_Input for this task_.
==*==
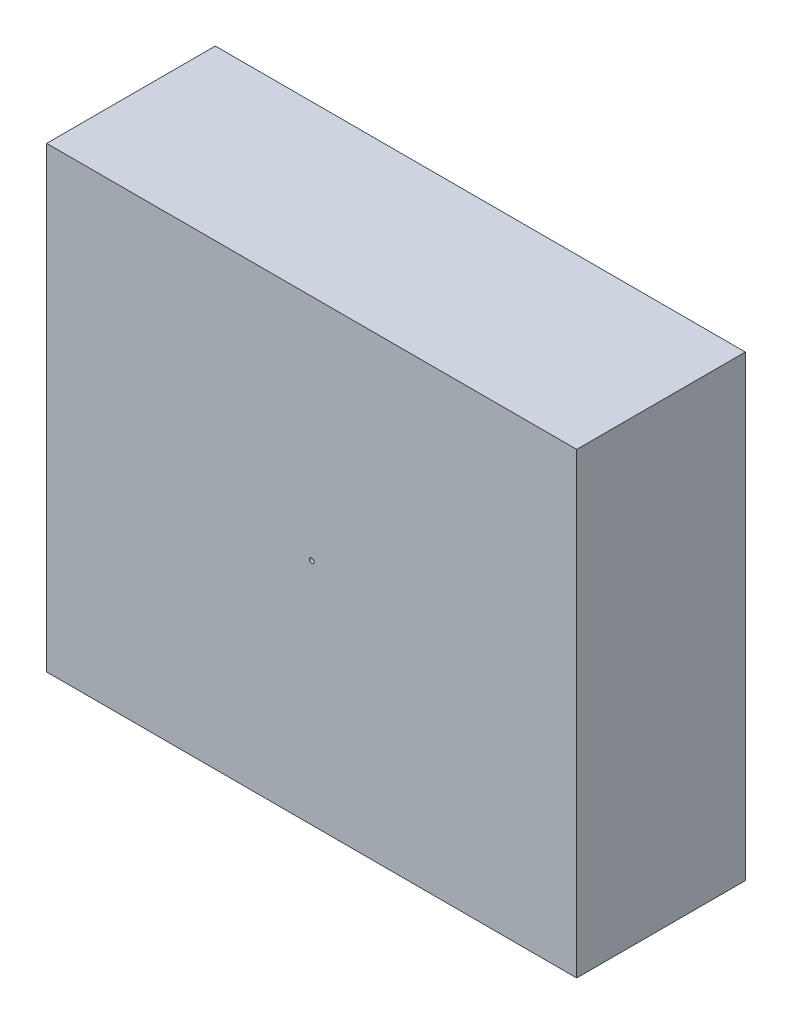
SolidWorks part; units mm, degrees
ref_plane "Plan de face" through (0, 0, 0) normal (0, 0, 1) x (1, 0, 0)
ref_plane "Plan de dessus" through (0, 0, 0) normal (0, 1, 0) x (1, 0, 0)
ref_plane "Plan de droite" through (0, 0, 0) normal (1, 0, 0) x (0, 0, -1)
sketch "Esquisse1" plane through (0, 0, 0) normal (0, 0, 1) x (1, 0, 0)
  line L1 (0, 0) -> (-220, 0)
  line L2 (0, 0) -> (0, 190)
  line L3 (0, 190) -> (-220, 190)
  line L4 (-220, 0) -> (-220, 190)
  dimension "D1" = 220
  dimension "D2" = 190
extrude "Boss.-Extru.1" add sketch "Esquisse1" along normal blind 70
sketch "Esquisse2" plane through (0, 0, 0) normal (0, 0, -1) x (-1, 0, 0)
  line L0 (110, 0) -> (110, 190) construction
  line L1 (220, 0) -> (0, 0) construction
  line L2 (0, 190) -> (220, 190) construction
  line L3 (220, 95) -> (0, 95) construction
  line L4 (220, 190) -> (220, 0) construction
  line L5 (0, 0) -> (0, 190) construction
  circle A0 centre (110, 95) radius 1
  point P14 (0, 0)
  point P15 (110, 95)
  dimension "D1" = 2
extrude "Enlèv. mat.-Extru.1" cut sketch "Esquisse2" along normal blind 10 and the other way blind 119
==*==
_Task description_. Would you please write out the entries in full, exactly as they read, but without pictures?

_Finished exercise_.
SolidWorks part; units mm, degrees
ref_plane "Plan de face" through (0, 0, 0) normal (0, 0, 1) x (1, 0, 0)
ref_plane "Plan de dessus" through (0, 0, 0) normal (0, 1, 0) x (1, 0, 0)
ref_plane "Plan de droite" through (0, 0, 0) normal (1, 0, 0) x (0, 0, -1)
sketch "Esquisse1" plane through (0, 0, 0) normal (0, 0, 1) x (1, 0, 0)
  line L1 (0, 0) -> (-220, 0)
  line L2 (0, 0) -> (0, 190)
  line L3 (0, 190) -> (-220, 190)
  line L4 (-220, 0) -> (-220, 190)
  dimension "D1" = 220
  dimension "D2" = 190
extrude "Boss.-Extru.1" add sketch "Esquisse1" along normal blind 70
sketch "Esquisse2" plane through (0, 0, 0) normal (0, 0, -1) x (-1, 0, 0)
  line L0 (110, 0) -> (110, 190) construction
  line L1 (220, 0) -> (0, 0) construction
  line L2 (0, 190) -> (220, 190) construction
  line L3 (220, 95) -> (0, 95) construction
  line L4 (220, 190) -> (220, 0) construction
  line L5 (0, 0) -> (0, 190) construction
  circle A0 centre (110, 95) radius 1
  point P14 (0, 0)
  point P15 (110, 95)
  dimension "D1" = 2
extrude "Enlèv. mat.-Extru.1" cut sketch "Esquisse2" along normal blind 10 and the other way blind 119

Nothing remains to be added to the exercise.